Restate word for word the entries below, starting with the line with "line L10 (-3.7231, 7) -> (2.2913, 7)" and continuing through the line with "constraints: 22 end". Include both of those lines and no others.

Stored items from a collection
++++++++
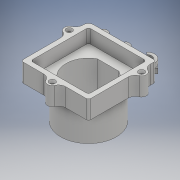
# Autodesk Inventor part: MS_FocusSliderv11
Saved by Autodesk Inventor 2017 (Build 210142000, 142)
## iProperties
Created: 2017-12-13
Part Number: MS_FocusSliderv11
Material: Generic
Document SubType Name: Modeling
Designer: andrew
Density: 1 g/cm^3
Appearance: Default
Author: andrew
Autodesk Inventor part; units mm, degrees
note: some values were not read from the file. Chosen so that the rebuilt part matches the saved one: edges of "Chamfer1".
ref_plane "YZ Plane" through (0, 0, 0) normal (1, 0, 0) x (0, 1, 0)
ref_plane "XZ Plane" through (0, 0, 0) normal (0, 1, 0) x (-1, 0, 0)
sketch "Sketch1" plane through (0, 0, 0) normal (0, 0, 1) x (1, 0, 0)
  circle A0 centre (0, 0) radius 5.75
  line L0 (2.2382, 4.0759) -> (-2.2382, 4.0759)
  arc A1 (-2.2382, 4.0759) -> (2.2382, 4.0759) centre (0, 0) ccw
  dimension "d0" = 11.5
  dimension "d50" = 9.3
  constraints: 2 centre point, 2 end point, 2 point on circle, 1 coincident
  measures "d0" diameter of A0
  measures "d50" diameter of A1
extrude "Extrusion1" add sketch "Sketch1" along normal blind 7
sketch "Sketch2" plane through (0, 0, 0) normal (0, 0, -1) x (-1, 0, 0)
  line L0 (-1.25, 5.125) -> (1.25, 5.125) construction
  circle A0 centre (0, 0) radius 5.75 construction
  line L1 (0, 0) -> (0, 9.5083) construction
  circle A1 centre (0, 0) radius 5.75 construction
  line L2 (0, 5.75) -> (0, 7.7304) construction
  line L3 (0, 5.125) -> (0, 7.5987) construction
  line L4 (-1.25, 5.125) -> (-1.25, 6.125) construction
  line L5 (-1.25, 6.125) -> (1.25, 6.125)
  line L6 (1.25, 6.125) -> (1.25, 4.5986)
  line L7 (1.25, 4.5986) -> (-1.25, 4.5986)
  line L8 (-1.25, 4.5986) -> (-1.25, 6.125)
  dimension "d3" = 2.5
  dimension "d4" = 1
  constraints: 18 end point, 3 vertical, 2 horizontal, 2 parallel, 2 point on line, 1 midpoint, 1 perpendicular, 1 vertical alignment, 1 other
  measures "d3" distance of L0.start L0.end
  measures "d4" distance of L0.start L4.end
extrude "Extrusion2" add sketch "Sketch2" against normal blind 5
sketch "Sketch3" plane through (0, 0, 7) normal (0, 0, 1) x (1, 0, 0)
  line L0 (6.5, 7) -> (-6, 7)
  arc A0 (-6, 7) -> (-7, 6) centre (-6, 6) ccw
  arc A1 (-7, -6.5) -> (-6.5, -7) centre (-6.5, -6.5) ccw
  arc A2 (6.5, -7) -> (7, -6.5) centre (6.5, -6.5) ccw
  arc A3 (7, 6.5) -> (6.5, 7) centre (6.5, 6.5) ccw
  line L1 (-5.5, 6) -> (5.5, 6)
  line L2 (6, 5.5) -> (6, -5.5)
  line L3 (5.5, -6) -> (-5.5, -6)
  line L4 (-6, -5.5) -> (-6, 5.5)
  arc A4 (-5.5, 6) -> (-6, 5.5) centre (-5.5, 5.5) ccw
  arc A5 (6, 5.5) -> (5.5, 6) centre (5.5, 5.5) ccw
  arc A6 (5.5, -6) -> (6, -5.5) centre (5.5, -5.5) ccw
  arc A7 (-6, -5.5) -> (-5.5, -6) centre (-5.5, -5.5) ccw
  line L5 (-10.9736, 8.9739) -> (-4.3472, 8.9739) construction
  arc A8 (-7.9, 4.4165) -> (-7.9, 2.5835) centre (-7.5, 3.5) ccw
  circle A9 centre (-7.5, 3.5) radius 0.375
  arc A10 (-0.9165, -7.9) -> (0.9165, -7.9) centre (0, -7.5) ccw
  circle A11 centre (0, -7.5) radius 0.375
  arc A12 (7.9, 2.5835) -> (7.9, 4.4165) centre (7.5, 3.5) ccw
  circle A13 centre (7.5, 3.5) radius 0.375
  line L6 (-7, 6) -> (-7, 5.7913)
  line L7 (-7, 1.2087) -> (-7, -6.5)
  arc A14 (-7.9, 4.4165) -> (-7, 5.7913) centre (-8.5, 5.7913) ccw
  arc A15 (-7, 1.2087) -> (-7.9, 2.5835) centre (-8.5, 1.2087) ccw
  line L8 (-6.5, -7) -> (-2.2913, -7)
  line L9 (2.2913, -7) -> (6.5, -7)
  arc A16 (-0.9165, -7.9) -> (-2.2913, -7) centre (-2.2913, -8.5) ccw
  arc A17 (2.2913, -7) -> (0.9165, -7.9) centre (2.2913, -8.5) ccw
  line L10 (7, -6.5) -> (7, 1.2087)
  line L11 (7, 5.7913) -> (7, 6.5)
  arc A18 (7, 5.7913) -> (7.9, 4.4165) centre (8.5, 5.7913) ccw
  arc A19 (7.9, 2.5835) -> (7, 1.2087) centre (8.5, 1.2087) ccw
  arc A20 (-2.2382, 4.0759) -> (2.2382, 4.0759) centre (0, 0) ccw
  line L12 (-2.2382, 4.0759) -> (2.2382, 4.0759) projected
  line L13 (2.2382, 4.0759) -> (-2.3054, 4.0383)
  arc A21 (2.2382, -4.0759) -> (2.2382, 4.0759) centre (0, 0) ccw
  arc A22 (-2.2382, 4.0759) -> (-2.2382, -4.0759) centre (0, 0) ccw
  point P0 (7, -7)
  point P1 (-7, -7)
  point P2 (7, 7)
  point P3 (-7, 4.366)
  point P4 (-7, 2.634)
  point P5 (-0.866, -7)
  point P6 (0.866, -7)
  point P7 (7, 2.634)
  point P8 (7, 4.366)
  constraints: 48 point on circle, 27 end point, 23 centre point, 7 coincident, 7 point on line
extrude "Extrusion3" add sketch "Sketch3" along normal blind 1 contours A3 L11 A18 A12 A19 L10 A2 L9 A17 A10 A16 L8 A1 L7 A15 A8 A14 L6 A0 L0 | L1 A5 L2 A6 L3 A7 L4 A4
sketch "Sketch4" plane through (0, 0, 8) normal (0, 0, 1) x (1, 0, 0)
  arc A0 (-5.5, 6) -> (-6, 5.5) centre (-5.5, 5.5) ccw
  line L0 (-5.5, 6) -> (5.5, 6)
  line L1 (-6, -5.5) -> (-6, 5.5)
  line L2 (-7, 1.2087) -> (-7, -6.5)
  arc A1 (-6, -5.5) -> (-5.5, -6) centre (-5.5, -5.5) ccw
  line L3 (6.5, 7) -> (-6, 7)
  line L4 (6, 5.5) -> (6, -5.5)
  line L5 (7, -6.5) -> (7, 1.2087)
  line L6 (5.5, -6) -> (-5.5, -6)
  arc A2 (5.5, -6) -> (6, -5.5) centre (5.5, -5.5) ccw
  circle A3 centre (7.5, 3.5) radius 0.375
  arc A4 (7.9, 2.5835) -> (7, 1.2087) centre (8.5, 1.2087) ccw
  arc A5 (7, 5.7913) -> (7.9, 4.4165) centre (8.5, 5.7913) ccw
  arc A6 (7.9, 2.5835) -> (7.9, 4.4165) centre (7.5, 3.5) ccw
  arc A7 (6, 5.5) -> (5.5, 6) centre (5.5, 5.5) ccw
  line L7 (7, 5.7913) -> (7, 6.5)
  arc A8 (7, 6.5) -> (6.5, 7) centre (6.5, 6.5) ccw
  arc A9 (-6, 7) -> (-7, 6) centre (-6, 6) ccw
  line L8 (-10.9736, 8.9739) -> (-4.3472, 8.9739) construction
  arc A10 (-7.9, 4.4165) -> (-7.9, 2.5835) centre (-7.5, 3.5) ccw
  circle A11 centre (-7.5, 3.5) radius 0.375
  arc A12 (-7, 1.2087) -> (-7.9, 2.5835) centre (-8.5, 1.2087) ccw
  line L9 (-7, 6) -> (-7, 5.7913)
  arc A13 (-7.9, 4.4165) -> (-7, 5.7913) centre (-8.5, 5.7913) ccw
  arc A14 (-7, -6.5) -> (-6.5, -7) centre (-6.5, -6.5) ccw
  arc A15 (6.5, -7) -> (7, -6.5) centre (6.5, -6.5) ccw
  arc A16 (-0.9165, -7.9) -> (0.9165, -7.9) centre (0, -7.5) ccw
  circle A17 centre (0, -7.5) radius 0.375
  line L10 (2.2913, -7) -> (6.5, -7)
  arc A18 (-0.9165, -7.9) -> (-2.2913, -7) centre (-2.2913, -8.5) ccw
  arc A19 (2.2913, -7) -> (0.9165, -7.9) centre (2.2913, -8.5) ccw
  line L11 (-6.5, -7) -> (-2.2913, -7)
  arc A20 (-2.2382, 4.0759) -> (2.2382, 4.0759) centre (0, 0) ccw
  line L12 (-2.2382, 4.0759) -> (2.2382, 4.0759)
  line L13 (2.2382, 4.0759) -> (-2.3054, 4.0383)
  arc A21 (2.2382, -4.0759) -> (2.2382, 4.0759) centre (0, 0) ccw
  arc A22 (-2.2382, 4.0759) -> (-2.2382, -4.0759) centre (0, 0) ccw
  point P0 (7, 4.366)
  point P1 (7, 2.634)
  point P2 (7, 7)
  point P3 (-7, 2.634)
  point P4 (-7, 4.366)
  point P5 (7, -7)
  point P6 (-7, -7)
  point P7 (-0.866, -7)
  point P8 (0.866, -7)
  constraints: 48 point on circle, 29 end point, 23 centre point, 7 coincident, 7 point on line
extrude "Extrusion4" add sketch "Sketch4" along normal blind 2.8 contours A12 A10 A13 L9 A9 L3 A8 L7 A5 A6 A4 L5 A15 L10 A19 A16 A18 L11 A14 L2
sketch "Sketch5" plane through (-1.25, 6.125, 0) normal (0, 1, 0) x (1, 0, 0)
  line L0 (1.8283, -3.8925) -> (1.8437, -3.7979)
  line L1 (0.8374, -4.1796) -> (0.9116, -4.2402)
  line L2 (0.7226, -3.4732) -> (0.7738, -3.3922)
  line L3 (1.7534, -0.9317) -> (1.798, -1.0165)
  line L4 (0.8374, -1.6796) -> (0.9116, -1.7402)
  line L5 (0.7738, -0.8922) -> (0.8374, -0.8204)
  line L6 (0, 0) -> (2.5, 0)
  line L7 (0, 0) -> (0, -5)
  circle A0 centre (1.25, -1.25) radius 0.5937
  circle A1 centre (1.25, -3.75) radius 0.5937
  point P0 (1.25, 0)
  point P1 (1.0843, -1.8221)
  dimension "d40" = 1.1874
  constraints: 16 end point, 6 tangent, 2 centre point
  measures "d40" diameter of A1
extrude "Extrusion5" cut sketch "Sketch5" against normal blind 5
fillet "Fillet1" radius 2 2 edges at (-1.25, 5.6125, 2.5) (1.25, 5.6125, 2.5)
chamfer "Chamfer1" distance 0.5 angle 45 1 edges at (0, 4.0759, 0)
sketch "Sketch6" plane through (0, 0, 7) normal (0, 0, -1) x (-1, 0, 0)
  arc A0 (0, 7.125) -> (-0.2652, 7.7652) centre (0, 7.5) ccw
  arc A1 (0.9165, 7.9) -> (-0.7071, 8.2071) centre (0, 7.5) ccw
  arc A2 (0.9165, 7.9) -> (1.6918, 7.125) centre (2.2913, 8.5) ccw
  line L0 (0, 7.125) -> (-1.6918, 7.125)
  arc A3 (-3.7231, 7) -> (-5.2965, 8.2067) centre (-4.5894, 7.4996) ccw
  line L1 (4.5826, 7) -> (4.5826, 6.4945)
  arc A4 (4.5826, 7.125) -> (4.2559, 7.6842) centre (4.5826, 7.5) ccw
  arc A5 (5.4991, 7.9) -> (3.5997, 7.6842) centre (4.5826, 7.5) ccw
  line L2 (2.2913, 7) -> (6, 7)
  arc A6 (5.4991, 7.9) -> (5.569, 7.7602) centre (6.8739, 8.5) ccw
  line L3 (4.5826, 7.125) -> (1.6918, 7.125)
  line L4 (4.2559, 7.6842) -> (3.5997, 7.6842)
  line L5 (6, 7) -> (5.569, 7.7602)
  arc A7 (-6.5, 7) -> (-7, 6.5) centre (-6.5, 6.5) ccw projected
  arc A8 (-3.1, 8.1496) -> (-1.6918, 7.125) centre (-1.4159, 8.9843) ccw
  arc A9 (-3.1, 8.1496) -> (-5.7384, 8.6487) centre (-4.5894, 7.4996) ccw
  line L6 (-5.2965, 8.2067) -> (-5.7384, 8.6487)
  line L7 (-4.5894, 7.4996) -> (-2.9644, 7.4996) construction
  line L8 (-0.2652, 7.7652) -> (-0.7071, 8.2071)
  line L9 (0, 7.5) -> (1, 7.5) construction
  line L10 (-3.7231, 7) -> (2.2913, 7)
  line L11 (6, 7) -> (-6.5, 7) projected
  point P0 (0, 0)
  point P1 (-6.5196, 6.9996)
  point P2 (2.8908, 7.125)
  dimension "d57" = 135
  dimension "d58" = 135
  constraints: 22 end point, 20 point on circle, 9 centre point, 3 point on line, 2 horizontal, 1 coincident, 1 tangent
  measures "d57" angle of L7 L6
  measures "d58" angle of L9 L8
extrude "Extrusion6" add sketch "Sketch6" against normal blind 1
ref_plane "Work Plane1" through (0, 0, 8.75) normal (0, 0, 1) x (1, 0, 0)
sketch "Sketch7" plane through (0, 0, 8.75) normal (0, 0, 1) x (1, 0, 0)
  line L0 (-4.5894, 7.4996) -> (-2.9644, 7.4996) construction
  line L1 (0, 7.5) -> (1, 7.5) construction
  arc A0 (0, 10.0353) -> (-0.2652, 10.6754) centre (0, 10.4103) ccw
  arc A1 (0.9165, 10.8103) -> (-0.7071, 11.1174) centre (0, 10.4103) ccw
  arc A2 (0.9165, 10.8103) -> (2.2913, 9.9103) centre (2.2913, 11.4103) ccw
  line L2 (0, 10.0353) -> (-1.6918, 10.0353)
  arc A3 (-3.7231, 9.9103) -> (-5.2965, 11.117) centre (-4.5894, 10.4099) ccw
  line L3 (4.5826, 9.9103) -> (4.5826, 9.4048)
  arc A4 (4.5826, 10.0353) -> (4.2559, 10.5944) centre (4.5826, 10.4103) ccw
  arc A5 (5.4991, 10.8103) -> (3.5997, 10.5944) centre (4.5826, 10.4103) ccw
  line L4 (2.2913, 9.9103) -> (6, 9.9103)
  arc A6 (5.4991, 10.8103) -> (5.569, 10.6704) centre (6.8739, 11.4103) ccw
  line L5 (4.5826, 10.0353) -> (2.8908, 10.0353)
  line L6 (4.2559, 10.5944) -> (3.5997, 10.5944)
  arc A7 (2.2913, 9.9103) -> (2.8908, 10.0353) centre (2.2913, 11.4103) ccw
  line L7 (6, 9.9103) -> (5.569, 10.6704)
  arc A8 (-6.5, 9.9103) -> (-7, 9.4103) centre (-6.5, 9.4103) ccw
  arc A9 (-3.1, 11.0599) -> (-1.6918, 10.0353) centre (-1.4159, 11.8945) ccw
  arc A10 (-3.1, 11.0599) -> (-5.7384, 11.5589) centre (-4.5894, 10.4099) ccw
  line L8 (-5.2965, 11.117) -> (-5.7384, 11.5589)
  line L9 (-4.5894, 10.4099) -> (-2.9644, 10.4099) construction
  line L10 (-0.2652, 10.6754) -> (-0.7071, 11.1174)
  line L11 (0, 10.4103) -> (1, 10.4103) construction
  line L12 (-3.7231, 9.9103) -> (2.2913, 9.9103)
  line L13 (6, 9.9103) -> (-6.5, 9.9103)
  line L14 (-4.5894, 10.4099) -> (-6.5589, 10.5944)
  line L15 (0, 10.4103) -> (-1.6918, 10.8103)
  line L16 (4.5826, 10.4103) -> (2.0631, 10.4103)
  arc A11 (5.4486, 7) -> (3.8755, 8.2071) centre (4.5826, 7.5) ccw
  line L17 (3.8755, 8.2071) -> (3.4335, 8.649)
  arc A12 (6.2076, 7.5) -> (3.4335, 8.649) centre (4.5826, 7.5) ccw
  arc A13 (6.2076, 7.5) -> (6.5, 7) centre (6.894, 7.5659) ccw
  arc A14 (0, 7.125) -> (-0.2652, 7.7652) centre (0, 7.5) ccw
  arc A15 (0.9165, 7.9) -> (-0.7071, 8.2071) centre (0, 7.5) ccw
  line L18 (-0.2652, 7.7652) -> (-0.7071, 8.2071)
  line L19 (6.5, 7) -> (-6, 7)
  line L20 (-3.7231, 7) -> (2.2913, 7)
  line L21 (0, 7.5) -> (1, 7.5) construction
  arc A16 (0.9165, 7.9) -> (2.2913, 7) centre (2.2913, 8.5) ccw
  line L22 (0, 7.125) -> (-3.243, 7.125)
  line L23 (2.2913, 7) -> (6, 7)
  line L24 (-4.5894, 6.9996) -> (-4.5894, 6.4941)
  arc A17 (-4.5894, 7.1246) -> (-4.916, 7.6838) centre (-4.5894, 7.4996) ccw
  arc A18 (-3.6728, 7.8996) -> (-5.5722, 7.6838) centre (-4.5894, 7.4996) ccw
  line L25 (-4.5894, 6.9996) -> (-3.1719, 6.9996)
  arc A19 (-6.8806, 6.9996) -> (-6.8468, 7) centre (-6.8806, 8.4996) ccw
  line L26 (-4.916, 7.6838) -> (-5.5722, 7.6838)
  line L27 (-4.5894, 7.1246) -> (-5.9293, 7.1246)
  arc A20 (-3.6728, 7.8996) -> (-3.6029, 7.7598) centre (-2.2981, 8.4996) ccw
  line L28 (-5.569, 7.7602) -> (-6, 7) projected
  line L29 (-5.9293, 7.1246) -> (-6, 7)
  line L30 (-3.1719, 6.9996) -> (-4.5894, 6.9996)
  line L31 (-3.1719, 6.9996) -> (-3.1721, 7)
  line L32 (-3.243, 7.125) -> (-3.6029, 7.7598)
  point P0 (0, 0)
  point P1 (-6.5196, 9.9099)
  dimension "d61" = 135
  dimension "d62" = 135
  dimension "d64" = 135
  constraints: 64 end point, 46 point on circle, 21 centre point, 8 point on line, 6 horizontal, 3 tangent, 2 coincident, 1 collinear
  measures "d61" angle of L9 L8
  measures "d62" angle of L11 L10
  measures "d64" angle of L21 L18
extrude "Extrusion7" add sketch "Sketch7" along normal blind 1 contours A11 L17 A12 A13 L19 | A14 L18 A15 A16 L19 L28 L27 A17 L26 A18 A20 L32 L22
chamfer "Chamfer2" distance 0.25 distance2 0.5 1 edges at (-0.375, -7.5, 10.8) measured on face at (2, 6.6667, 10.8)
chamfer "Chamfer3" distance 0.25 distance2 0.5 1 edges at (7.125, 3.5, 10.8) measured on face at (2, 6.6667, 10.8)
chamfer "Chamfer4" distance 0.25 distance2 0.5 1 edges at (-7.875, 3.5, 10.8) measured on face at (2, 6.6667, 10.8)
body "Solid1"
++++++++
**Written reply**
  line L10 (-3.7231, 7) -> (2.2913, 7)
  line L11 (6, 7) -> (-6.5, 7) projected
  point P0 (0, 0)
  point P1 (-6.5196, 6.9996)
  point P2 (2.8908, 7.125)
  dimension "d57" = 135
  dimension "d58" = 135
  constraints: 22 end point, 20 point on circle, 9 centre point, 3 point on line, 2 horizontal, 1 coincident, 1 tangent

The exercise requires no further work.